Bons pour le vulgaire...
Il ne craint personne. Il sautille sur la pelouse, exhibant sa belle livrée luisante et tant mieux si la neige recouvre la pelouse :
On ne voit que lui. Et son bec jaune.
Sympa, le petit cousin !

Il y aurait tant à dire sur toutes ces petites bestioles du parc.
Tant à imaginer, tant de beauté, de poésie, de vie...
Pourtant, la réalité doit être, sans doute, bien éloignée de ce que peut concevoir un imaginaire indulgent !
La cruauté inhérente à la vie doit régner, ici comme ailleurs, comme partout où il y a de la Vie.

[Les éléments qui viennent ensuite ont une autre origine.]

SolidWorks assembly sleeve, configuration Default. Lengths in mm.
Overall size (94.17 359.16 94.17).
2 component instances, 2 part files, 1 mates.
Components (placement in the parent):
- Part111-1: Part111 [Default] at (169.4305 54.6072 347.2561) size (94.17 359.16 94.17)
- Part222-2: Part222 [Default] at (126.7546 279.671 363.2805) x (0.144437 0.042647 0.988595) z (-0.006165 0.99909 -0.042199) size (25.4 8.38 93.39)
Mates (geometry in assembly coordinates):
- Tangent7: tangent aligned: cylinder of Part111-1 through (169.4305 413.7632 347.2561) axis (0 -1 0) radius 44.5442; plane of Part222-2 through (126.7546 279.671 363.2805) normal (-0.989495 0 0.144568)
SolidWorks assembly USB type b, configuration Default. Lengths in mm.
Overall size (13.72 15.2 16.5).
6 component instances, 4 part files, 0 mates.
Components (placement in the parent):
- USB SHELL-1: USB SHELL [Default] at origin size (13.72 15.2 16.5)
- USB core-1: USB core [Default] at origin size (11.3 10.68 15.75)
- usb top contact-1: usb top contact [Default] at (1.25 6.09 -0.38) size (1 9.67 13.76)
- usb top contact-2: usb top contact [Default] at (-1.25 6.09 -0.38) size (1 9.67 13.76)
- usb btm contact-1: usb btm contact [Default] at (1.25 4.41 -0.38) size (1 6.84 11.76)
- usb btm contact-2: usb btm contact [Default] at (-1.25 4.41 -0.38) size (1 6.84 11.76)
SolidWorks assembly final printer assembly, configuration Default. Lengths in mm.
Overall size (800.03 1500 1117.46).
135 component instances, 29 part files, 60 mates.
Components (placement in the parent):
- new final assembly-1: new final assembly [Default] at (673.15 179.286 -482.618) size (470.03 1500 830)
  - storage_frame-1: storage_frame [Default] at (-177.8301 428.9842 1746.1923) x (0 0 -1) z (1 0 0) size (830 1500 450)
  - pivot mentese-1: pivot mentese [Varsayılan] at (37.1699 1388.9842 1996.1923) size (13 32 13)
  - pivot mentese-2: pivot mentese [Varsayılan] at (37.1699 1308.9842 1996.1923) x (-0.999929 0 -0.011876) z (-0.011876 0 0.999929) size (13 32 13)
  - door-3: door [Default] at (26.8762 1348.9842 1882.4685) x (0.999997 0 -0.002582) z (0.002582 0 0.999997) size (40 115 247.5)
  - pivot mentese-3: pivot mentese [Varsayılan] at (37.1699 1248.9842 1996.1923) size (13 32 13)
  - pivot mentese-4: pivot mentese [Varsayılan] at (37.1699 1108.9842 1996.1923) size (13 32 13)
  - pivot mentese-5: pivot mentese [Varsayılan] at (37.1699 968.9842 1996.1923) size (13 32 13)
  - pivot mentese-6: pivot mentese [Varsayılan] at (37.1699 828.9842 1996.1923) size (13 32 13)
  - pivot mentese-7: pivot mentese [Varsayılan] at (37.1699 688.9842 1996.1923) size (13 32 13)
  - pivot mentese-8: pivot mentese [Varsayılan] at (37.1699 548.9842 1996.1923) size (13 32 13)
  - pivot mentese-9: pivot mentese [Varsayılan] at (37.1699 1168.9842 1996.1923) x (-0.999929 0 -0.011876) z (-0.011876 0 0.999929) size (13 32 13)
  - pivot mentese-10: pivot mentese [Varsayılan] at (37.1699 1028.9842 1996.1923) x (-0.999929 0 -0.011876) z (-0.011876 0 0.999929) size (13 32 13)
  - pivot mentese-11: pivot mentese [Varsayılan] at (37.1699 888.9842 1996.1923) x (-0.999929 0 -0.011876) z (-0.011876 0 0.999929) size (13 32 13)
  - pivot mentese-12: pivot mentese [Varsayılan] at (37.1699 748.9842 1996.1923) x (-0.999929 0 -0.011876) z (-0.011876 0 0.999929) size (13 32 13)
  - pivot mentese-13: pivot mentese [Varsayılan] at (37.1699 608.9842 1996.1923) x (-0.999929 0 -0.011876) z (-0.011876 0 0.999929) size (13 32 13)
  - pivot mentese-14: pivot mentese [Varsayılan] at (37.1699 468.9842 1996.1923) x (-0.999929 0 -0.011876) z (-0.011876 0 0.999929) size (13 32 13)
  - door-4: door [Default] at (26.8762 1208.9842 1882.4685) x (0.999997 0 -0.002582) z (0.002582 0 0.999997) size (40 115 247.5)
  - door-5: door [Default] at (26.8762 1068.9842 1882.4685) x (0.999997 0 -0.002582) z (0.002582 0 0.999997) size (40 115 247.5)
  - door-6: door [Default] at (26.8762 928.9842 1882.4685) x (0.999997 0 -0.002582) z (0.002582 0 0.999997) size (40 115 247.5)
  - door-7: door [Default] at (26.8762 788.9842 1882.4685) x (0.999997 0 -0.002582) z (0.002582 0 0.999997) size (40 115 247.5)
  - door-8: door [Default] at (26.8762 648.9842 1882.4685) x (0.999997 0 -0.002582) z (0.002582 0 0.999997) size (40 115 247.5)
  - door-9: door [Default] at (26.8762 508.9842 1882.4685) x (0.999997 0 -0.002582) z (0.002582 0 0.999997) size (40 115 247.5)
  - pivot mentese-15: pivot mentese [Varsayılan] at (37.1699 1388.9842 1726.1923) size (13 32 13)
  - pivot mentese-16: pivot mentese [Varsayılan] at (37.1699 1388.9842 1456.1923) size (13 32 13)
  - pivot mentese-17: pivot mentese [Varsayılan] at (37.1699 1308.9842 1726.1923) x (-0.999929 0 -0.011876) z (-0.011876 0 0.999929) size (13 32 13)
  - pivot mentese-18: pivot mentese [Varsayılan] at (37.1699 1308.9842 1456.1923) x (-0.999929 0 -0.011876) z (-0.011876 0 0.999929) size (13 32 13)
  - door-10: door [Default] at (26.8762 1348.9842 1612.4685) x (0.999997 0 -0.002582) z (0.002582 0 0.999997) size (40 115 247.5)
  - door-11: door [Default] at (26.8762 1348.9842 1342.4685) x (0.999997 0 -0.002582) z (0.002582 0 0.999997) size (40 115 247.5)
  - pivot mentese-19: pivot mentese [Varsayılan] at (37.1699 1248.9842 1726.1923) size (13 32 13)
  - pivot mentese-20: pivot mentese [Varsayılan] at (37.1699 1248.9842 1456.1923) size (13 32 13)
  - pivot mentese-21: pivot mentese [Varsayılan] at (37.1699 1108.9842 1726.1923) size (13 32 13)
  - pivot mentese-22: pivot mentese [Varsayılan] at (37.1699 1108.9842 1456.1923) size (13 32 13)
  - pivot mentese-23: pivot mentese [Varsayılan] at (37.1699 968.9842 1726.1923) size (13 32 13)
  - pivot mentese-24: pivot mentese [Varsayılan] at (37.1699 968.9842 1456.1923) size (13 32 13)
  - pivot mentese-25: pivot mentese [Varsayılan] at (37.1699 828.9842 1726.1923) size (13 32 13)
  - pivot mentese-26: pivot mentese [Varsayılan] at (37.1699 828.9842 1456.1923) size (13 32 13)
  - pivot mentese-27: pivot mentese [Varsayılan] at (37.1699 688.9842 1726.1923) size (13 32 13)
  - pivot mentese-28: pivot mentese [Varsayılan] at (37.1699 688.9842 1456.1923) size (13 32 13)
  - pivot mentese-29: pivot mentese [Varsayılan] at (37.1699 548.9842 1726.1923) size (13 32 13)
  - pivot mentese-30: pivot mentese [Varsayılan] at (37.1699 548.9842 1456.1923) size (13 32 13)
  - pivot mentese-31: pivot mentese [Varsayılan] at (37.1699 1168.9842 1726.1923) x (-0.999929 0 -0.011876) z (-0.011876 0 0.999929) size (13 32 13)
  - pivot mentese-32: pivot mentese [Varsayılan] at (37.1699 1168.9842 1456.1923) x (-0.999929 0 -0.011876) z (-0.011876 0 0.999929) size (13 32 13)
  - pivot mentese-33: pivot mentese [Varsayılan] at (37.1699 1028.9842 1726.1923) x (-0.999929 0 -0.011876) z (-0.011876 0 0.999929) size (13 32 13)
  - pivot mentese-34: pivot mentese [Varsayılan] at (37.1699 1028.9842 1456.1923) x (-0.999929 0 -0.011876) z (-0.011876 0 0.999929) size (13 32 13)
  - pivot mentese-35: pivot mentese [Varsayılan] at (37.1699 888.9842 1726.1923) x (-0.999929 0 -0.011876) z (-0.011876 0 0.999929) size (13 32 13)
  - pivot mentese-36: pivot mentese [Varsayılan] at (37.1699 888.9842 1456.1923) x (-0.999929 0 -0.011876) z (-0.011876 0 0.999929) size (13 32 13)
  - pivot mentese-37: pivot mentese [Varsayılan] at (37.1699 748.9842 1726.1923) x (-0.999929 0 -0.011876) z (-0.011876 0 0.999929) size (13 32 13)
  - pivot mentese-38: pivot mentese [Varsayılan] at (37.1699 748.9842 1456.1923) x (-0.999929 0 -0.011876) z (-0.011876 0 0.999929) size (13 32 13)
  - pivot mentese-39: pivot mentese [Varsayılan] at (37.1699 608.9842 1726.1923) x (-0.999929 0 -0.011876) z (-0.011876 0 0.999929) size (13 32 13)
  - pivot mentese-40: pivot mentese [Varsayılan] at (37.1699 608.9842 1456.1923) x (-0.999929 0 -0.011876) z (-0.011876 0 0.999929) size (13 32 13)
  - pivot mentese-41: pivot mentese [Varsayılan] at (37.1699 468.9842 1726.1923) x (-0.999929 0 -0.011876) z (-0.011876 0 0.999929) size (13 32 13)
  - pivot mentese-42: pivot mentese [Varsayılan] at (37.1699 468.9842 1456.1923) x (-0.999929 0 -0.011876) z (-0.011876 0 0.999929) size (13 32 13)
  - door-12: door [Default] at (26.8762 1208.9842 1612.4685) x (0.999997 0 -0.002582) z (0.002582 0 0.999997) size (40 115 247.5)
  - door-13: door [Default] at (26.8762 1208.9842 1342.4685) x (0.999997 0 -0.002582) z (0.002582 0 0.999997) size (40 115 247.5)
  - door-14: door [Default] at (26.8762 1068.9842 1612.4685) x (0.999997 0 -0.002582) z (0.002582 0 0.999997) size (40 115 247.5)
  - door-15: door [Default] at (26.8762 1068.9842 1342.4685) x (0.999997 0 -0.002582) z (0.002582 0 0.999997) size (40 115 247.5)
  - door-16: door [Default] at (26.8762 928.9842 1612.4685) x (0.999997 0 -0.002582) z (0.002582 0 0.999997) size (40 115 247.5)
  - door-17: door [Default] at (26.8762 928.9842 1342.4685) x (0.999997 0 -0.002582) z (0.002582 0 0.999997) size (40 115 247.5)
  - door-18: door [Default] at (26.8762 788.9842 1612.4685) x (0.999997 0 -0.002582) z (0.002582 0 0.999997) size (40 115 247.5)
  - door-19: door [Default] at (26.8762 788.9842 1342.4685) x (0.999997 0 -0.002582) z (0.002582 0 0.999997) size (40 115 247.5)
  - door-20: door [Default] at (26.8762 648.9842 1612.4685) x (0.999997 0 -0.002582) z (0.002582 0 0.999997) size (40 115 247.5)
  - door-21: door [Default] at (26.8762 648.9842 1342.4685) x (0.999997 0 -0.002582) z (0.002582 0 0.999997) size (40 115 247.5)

Un Héron survole la scène.
Vieux torchon sale emporté par le vent...
Un Geai  s’abat sur la pelouse. touche de bleu sur le vert.
Surpris : “Merde ! Je n’ai rien à foutre ici... c’est pas mon monde”
Il pique une graine et s’en retourne au bois.
Sa mission : Croasser avec aigreur pour prévenir ses copains, cochons et chèvres de la présence hostile du chasseur.